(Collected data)

══════════

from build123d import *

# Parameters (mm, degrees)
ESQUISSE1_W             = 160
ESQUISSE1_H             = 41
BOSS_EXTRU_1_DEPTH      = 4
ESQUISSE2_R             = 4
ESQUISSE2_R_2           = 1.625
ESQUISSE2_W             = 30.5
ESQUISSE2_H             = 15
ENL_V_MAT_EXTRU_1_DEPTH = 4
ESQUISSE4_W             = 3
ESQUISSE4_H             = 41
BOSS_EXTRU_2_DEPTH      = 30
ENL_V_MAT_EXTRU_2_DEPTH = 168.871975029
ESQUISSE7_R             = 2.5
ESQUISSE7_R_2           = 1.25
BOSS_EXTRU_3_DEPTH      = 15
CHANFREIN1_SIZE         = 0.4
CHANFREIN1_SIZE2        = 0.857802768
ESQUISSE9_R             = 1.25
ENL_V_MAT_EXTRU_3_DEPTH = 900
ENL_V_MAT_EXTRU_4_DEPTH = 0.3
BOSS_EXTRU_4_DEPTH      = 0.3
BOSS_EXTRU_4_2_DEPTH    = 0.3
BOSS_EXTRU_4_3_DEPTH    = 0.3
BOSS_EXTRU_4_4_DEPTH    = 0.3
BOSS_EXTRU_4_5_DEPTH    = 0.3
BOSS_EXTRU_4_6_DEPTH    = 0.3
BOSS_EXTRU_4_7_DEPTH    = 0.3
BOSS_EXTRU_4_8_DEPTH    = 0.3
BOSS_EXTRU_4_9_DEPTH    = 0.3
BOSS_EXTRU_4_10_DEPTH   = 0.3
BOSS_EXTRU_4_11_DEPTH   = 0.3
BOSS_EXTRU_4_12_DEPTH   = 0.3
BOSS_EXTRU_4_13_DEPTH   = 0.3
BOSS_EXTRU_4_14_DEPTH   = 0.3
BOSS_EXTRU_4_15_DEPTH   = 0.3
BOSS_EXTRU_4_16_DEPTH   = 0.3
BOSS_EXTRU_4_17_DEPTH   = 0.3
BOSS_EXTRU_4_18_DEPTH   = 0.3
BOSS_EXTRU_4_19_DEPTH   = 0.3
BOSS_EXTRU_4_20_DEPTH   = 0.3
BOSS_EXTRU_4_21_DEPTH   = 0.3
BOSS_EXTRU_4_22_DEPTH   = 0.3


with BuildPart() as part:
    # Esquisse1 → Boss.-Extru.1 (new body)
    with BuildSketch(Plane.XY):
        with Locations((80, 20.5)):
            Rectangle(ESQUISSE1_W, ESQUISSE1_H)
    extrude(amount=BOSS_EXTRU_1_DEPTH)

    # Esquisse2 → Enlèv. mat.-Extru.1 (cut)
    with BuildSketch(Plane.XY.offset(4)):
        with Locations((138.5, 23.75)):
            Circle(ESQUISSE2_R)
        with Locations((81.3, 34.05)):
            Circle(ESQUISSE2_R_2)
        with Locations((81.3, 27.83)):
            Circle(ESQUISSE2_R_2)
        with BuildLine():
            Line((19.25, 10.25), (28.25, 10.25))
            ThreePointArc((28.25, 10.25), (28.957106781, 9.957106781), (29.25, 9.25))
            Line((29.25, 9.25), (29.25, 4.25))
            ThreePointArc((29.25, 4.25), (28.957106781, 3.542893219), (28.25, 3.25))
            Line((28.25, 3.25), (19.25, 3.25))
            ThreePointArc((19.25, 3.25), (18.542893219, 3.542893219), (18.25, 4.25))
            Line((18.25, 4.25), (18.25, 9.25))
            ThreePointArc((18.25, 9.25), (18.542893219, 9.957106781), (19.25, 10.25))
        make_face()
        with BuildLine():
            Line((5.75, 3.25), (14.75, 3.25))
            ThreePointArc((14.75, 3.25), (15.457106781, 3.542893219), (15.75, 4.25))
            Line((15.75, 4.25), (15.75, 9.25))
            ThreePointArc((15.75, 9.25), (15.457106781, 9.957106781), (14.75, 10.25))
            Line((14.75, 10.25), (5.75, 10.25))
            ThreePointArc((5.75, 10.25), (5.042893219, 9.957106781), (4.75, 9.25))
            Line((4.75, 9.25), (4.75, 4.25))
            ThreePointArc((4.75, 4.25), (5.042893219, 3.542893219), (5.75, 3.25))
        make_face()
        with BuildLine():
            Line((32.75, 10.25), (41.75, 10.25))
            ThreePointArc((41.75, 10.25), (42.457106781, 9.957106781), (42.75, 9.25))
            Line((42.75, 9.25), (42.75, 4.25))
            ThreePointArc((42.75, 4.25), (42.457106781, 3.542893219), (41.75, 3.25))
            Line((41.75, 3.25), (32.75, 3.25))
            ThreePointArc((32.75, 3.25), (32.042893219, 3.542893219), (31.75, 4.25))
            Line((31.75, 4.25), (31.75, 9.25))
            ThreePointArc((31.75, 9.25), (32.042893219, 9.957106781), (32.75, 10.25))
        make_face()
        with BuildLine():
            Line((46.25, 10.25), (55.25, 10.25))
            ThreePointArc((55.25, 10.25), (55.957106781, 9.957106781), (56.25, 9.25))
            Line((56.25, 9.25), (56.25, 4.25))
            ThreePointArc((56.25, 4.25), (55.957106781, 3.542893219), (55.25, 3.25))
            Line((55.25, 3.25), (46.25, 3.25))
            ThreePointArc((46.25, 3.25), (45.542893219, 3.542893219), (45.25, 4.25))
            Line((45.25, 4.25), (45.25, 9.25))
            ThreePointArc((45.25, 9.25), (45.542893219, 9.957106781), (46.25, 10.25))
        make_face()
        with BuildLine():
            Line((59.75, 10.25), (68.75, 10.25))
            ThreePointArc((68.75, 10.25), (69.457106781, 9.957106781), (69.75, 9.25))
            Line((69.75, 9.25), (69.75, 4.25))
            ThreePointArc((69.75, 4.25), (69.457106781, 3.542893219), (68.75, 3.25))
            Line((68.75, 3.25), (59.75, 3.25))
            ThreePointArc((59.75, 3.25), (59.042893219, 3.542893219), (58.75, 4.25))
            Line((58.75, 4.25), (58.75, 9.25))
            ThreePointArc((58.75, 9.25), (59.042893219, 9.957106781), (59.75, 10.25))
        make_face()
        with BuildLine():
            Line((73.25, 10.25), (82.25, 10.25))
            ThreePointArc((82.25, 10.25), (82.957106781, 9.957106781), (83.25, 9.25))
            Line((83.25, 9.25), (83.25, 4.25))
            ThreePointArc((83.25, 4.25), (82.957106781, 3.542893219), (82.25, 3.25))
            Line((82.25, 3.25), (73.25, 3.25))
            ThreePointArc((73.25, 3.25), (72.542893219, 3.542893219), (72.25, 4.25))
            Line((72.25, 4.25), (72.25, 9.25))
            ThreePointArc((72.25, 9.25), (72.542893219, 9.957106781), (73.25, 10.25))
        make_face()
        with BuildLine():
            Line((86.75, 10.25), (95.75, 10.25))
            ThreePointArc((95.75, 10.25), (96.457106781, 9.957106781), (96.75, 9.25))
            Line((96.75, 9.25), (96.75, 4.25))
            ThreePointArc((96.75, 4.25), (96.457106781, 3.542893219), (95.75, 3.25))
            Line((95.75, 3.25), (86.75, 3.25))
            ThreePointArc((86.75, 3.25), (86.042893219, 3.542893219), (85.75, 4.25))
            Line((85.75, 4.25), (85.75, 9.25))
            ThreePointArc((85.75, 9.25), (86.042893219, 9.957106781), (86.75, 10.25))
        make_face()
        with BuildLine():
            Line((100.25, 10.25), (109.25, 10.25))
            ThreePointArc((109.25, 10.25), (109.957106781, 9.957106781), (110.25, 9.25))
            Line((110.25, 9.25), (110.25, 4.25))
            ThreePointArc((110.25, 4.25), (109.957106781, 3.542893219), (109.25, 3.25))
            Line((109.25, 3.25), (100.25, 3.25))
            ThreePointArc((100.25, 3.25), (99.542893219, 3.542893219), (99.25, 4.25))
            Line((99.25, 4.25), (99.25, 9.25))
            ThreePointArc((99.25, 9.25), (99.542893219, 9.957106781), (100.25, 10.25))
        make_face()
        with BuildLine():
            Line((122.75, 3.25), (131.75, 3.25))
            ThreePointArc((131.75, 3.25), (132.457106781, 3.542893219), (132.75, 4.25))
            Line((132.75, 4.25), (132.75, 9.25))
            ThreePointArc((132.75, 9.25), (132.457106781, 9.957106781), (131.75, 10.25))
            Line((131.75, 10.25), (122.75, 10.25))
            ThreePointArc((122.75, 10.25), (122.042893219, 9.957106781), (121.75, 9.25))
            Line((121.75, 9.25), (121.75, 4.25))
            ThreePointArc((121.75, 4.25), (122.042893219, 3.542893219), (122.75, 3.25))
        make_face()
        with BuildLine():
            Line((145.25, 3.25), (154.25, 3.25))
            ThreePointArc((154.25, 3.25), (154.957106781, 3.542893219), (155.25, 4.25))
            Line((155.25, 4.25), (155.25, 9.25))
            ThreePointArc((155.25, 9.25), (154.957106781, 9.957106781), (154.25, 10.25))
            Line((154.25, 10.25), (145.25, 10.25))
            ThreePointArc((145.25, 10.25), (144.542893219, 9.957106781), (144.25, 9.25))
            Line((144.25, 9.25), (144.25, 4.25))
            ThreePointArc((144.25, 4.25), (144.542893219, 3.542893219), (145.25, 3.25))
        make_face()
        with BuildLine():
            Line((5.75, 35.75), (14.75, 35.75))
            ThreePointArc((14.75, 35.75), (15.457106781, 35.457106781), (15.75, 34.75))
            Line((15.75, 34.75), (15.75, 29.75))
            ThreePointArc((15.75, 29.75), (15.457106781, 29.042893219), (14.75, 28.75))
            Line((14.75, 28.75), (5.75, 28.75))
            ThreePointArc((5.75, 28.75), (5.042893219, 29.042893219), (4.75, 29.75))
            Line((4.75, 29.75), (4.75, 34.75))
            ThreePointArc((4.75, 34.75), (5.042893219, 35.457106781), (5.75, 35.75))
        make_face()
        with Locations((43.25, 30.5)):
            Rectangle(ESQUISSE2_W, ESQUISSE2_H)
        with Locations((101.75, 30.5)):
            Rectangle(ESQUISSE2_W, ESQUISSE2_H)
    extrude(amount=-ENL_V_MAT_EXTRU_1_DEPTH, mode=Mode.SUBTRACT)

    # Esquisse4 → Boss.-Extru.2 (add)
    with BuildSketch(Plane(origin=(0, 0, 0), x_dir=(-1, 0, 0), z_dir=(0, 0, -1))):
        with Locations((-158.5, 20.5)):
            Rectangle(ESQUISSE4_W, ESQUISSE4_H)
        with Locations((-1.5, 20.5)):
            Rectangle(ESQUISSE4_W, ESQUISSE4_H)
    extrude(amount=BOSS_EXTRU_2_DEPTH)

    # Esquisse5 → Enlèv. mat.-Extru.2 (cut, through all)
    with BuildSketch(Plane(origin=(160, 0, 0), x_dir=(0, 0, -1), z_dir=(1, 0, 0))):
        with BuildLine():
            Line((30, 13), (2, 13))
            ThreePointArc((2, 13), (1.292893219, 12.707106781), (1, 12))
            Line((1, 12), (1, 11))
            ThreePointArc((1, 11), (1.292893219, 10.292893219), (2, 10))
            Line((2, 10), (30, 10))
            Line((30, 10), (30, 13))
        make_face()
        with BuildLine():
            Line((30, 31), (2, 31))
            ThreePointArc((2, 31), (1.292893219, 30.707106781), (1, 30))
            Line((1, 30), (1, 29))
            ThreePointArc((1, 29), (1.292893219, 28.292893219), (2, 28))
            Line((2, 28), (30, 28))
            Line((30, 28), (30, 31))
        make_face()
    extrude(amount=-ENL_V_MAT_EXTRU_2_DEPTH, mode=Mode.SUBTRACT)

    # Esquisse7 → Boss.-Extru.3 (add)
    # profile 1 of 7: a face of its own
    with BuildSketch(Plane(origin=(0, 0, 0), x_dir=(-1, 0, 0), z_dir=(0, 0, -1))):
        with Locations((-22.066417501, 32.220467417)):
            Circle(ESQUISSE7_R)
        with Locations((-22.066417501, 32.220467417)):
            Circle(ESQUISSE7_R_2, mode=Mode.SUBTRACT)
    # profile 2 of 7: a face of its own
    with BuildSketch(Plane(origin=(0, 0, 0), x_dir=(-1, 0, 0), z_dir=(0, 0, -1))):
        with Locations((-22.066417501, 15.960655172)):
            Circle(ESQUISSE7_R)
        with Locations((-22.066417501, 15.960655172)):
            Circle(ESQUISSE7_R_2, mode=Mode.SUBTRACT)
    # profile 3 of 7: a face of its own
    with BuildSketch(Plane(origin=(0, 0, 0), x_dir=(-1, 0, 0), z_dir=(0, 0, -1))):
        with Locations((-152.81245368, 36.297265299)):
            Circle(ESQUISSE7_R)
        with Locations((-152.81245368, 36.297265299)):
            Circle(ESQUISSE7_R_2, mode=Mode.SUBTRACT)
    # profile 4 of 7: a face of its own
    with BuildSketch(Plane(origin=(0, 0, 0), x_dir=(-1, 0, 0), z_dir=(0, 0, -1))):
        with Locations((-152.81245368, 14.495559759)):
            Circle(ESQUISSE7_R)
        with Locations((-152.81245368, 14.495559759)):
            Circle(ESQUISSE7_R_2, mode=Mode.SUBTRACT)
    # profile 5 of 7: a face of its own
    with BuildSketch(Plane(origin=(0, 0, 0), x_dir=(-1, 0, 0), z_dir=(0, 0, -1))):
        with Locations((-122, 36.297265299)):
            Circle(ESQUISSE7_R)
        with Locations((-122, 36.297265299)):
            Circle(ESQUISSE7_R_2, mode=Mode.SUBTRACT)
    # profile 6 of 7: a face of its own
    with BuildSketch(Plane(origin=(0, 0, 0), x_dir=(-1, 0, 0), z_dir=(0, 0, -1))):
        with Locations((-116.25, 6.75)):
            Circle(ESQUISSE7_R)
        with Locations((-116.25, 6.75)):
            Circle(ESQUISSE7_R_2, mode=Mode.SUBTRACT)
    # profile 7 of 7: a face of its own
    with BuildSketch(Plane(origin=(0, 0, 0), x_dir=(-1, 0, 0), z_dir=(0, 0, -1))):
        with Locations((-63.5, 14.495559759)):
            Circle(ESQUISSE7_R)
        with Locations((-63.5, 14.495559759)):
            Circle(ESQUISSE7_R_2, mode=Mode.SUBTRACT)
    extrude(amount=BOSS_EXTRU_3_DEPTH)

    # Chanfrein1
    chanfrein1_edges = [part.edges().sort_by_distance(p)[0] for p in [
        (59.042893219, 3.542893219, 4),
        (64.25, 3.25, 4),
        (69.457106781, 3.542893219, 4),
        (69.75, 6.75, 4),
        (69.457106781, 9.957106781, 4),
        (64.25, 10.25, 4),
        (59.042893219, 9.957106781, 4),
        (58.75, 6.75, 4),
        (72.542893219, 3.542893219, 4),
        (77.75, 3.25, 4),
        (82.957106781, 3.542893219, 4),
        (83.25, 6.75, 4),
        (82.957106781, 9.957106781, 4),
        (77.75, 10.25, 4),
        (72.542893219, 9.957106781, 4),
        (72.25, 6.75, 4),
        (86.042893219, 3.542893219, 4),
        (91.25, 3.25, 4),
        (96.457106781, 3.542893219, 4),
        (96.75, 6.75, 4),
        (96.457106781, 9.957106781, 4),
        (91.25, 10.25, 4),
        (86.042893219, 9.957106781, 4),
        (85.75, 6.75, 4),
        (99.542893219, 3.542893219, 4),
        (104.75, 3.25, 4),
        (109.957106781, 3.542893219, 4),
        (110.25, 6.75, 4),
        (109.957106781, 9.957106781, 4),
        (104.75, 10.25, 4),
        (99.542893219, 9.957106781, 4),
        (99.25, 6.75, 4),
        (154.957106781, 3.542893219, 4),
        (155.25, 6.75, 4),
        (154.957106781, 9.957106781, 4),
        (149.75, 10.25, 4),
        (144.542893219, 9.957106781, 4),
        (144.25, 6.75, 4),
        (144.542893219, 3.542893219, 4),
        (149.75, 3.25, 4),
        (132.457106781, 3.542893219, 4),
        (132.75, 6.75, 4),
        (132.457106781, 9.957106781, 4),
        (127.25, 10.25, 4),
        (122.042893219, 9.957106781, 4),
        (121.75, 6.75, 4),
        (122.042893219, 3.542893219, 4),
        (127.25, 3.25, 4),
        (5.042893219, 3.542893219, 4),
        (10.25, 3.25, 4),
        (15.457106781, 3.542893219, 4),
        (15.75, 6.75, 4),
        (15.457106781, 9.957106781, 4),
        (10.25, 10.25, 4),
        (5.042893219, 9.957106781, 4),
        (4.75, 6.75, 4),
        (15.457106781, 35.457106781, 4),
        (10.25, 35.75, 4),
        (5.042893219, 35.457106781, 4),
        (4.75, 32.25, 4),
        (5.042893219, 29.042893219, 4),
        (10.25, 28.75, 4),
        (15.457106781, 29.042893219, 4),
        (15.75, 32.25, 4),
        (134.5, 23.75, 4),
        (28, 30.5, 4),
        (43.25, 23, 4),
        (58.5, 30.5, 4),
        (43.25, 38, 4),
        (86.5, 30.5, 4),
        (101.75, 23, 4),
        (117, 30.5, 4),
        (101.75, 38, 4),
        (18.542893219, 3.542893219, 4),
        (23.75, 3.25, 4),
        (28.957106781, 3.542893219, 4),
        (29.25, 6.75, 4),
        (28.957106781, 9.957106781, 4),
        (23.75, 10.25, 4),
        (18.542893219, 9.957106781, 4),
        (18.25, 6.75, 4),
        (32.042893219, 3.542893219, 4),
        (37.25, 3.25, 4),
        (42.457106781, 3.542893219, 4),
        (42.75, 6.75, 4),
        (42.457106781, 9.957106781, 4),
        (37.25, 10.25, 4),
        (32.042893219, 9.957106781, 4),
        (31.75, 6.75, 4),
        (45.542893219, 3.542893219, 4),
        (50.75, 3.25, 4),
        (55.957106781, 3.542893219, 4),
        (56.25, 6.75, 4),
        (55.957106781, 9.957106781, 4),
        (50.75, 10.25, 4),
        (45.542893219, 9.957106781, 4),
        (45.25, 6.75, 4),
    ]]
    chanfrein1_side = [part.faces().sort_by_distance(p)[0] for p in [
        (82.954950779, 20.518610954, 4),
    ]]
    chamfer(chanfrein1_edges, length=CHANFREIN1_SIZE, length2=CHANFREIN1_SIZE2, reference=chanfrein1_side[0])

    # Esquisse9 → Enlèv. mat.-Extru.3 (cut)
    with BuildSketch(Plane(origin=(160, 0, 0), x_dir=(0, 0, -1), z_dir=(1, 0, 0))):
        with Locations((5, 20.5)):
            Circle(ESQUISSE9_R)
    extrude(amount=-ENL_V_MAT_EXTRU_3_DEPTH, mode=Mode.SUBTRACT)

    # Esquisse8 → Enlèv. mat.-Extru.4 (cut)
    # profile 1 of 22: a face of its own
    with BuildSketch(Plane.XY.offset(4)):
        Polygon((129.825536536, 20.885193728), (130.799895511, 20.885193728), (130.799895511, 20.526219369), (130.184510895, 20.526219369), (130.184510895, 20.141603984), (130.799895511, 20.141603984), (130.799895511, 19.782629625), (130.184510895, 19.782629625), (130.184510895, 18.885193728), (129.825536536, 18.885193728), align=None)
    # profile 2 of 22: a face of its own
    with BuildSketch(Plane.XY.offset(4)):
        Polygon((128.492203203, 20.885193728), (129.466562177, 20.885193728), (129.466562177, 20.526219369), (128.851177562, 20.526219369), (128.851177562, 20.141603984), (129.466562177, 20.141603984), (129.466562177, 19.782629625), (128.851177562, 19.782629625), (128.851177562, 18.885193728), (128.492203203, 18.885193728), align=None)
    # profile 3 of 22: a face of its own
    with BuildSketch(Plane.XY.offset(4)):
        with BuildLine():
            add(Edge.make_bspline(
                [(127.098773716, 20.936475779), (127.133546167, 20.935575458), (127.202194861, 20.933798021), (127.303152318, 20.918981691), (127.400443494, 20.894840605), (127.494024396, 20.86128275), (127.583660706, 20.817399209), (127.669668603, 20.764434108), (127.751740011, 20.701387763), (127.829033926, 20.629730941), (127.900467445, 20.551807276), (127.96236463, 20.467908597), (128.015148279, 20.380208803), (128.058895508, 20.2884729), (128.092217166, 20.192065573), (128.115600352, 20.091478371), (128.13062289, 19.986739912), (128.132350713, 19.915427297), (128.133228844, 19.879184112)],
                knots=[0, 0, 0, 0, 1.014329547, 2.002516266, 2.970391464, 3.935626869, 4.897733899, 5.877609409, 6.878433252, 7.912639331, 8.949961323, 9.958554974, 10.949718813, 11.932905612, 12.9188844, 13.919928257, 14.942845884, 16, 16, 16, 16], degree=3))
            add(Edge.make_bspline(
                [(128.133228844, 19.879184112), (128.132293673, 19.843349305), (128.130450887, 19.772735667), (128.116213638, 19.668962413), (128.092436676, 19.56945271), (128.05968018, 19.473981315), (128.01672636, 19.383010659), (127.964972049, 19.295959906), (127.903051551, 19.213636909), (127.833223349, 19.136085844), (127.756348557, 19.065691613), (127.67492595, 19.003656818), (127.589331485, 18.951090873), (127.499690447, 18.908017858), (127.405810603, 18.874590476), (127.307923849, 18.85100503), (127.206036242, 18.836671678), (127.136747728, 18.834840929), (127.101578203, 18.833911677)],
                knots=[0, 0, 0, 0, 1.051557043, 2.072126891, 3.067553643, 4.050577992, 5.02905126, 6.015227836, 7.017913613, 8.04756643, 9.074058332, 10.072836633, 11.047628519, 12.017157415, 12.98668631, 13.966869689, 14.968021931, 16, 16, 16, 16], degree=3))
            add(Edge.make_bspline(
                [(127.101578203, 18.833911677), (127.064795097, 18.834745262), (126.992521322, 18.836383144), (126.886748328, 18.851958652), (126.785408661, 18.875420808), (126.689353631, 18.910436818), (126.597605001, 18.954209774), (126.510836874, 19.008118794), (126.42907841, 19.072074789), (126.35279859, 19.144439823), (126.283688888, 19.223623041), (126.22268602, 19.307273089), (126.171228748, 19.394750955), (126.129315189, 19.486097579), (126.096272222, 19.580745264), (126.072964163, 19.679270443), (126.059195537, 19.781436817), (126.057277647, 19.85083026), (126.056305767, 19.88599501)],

══════════

▸ DIRECTIONS: Send back the lines of the records word for word, from the very first through the line containing "ENL_V_MAT_EXTRU_1_DEPTH = 4".

▸ RESPONSE BELOW:
from build123d import *

# Parameters (mm, degrees)
ESQUISSE1_W             = 160
ESQUISSE1_H             = 41
BOSS_EXTRU_1_DEPTH      = 4
ESQUISSE2_R             = 4
ESQUISSE2_R_2           = 1.625
ESQUISSE2_W             = 30.5
ESQUISSE2_H             = 15
ENL_V_MAT_EXTRU_1_DEPTH = 4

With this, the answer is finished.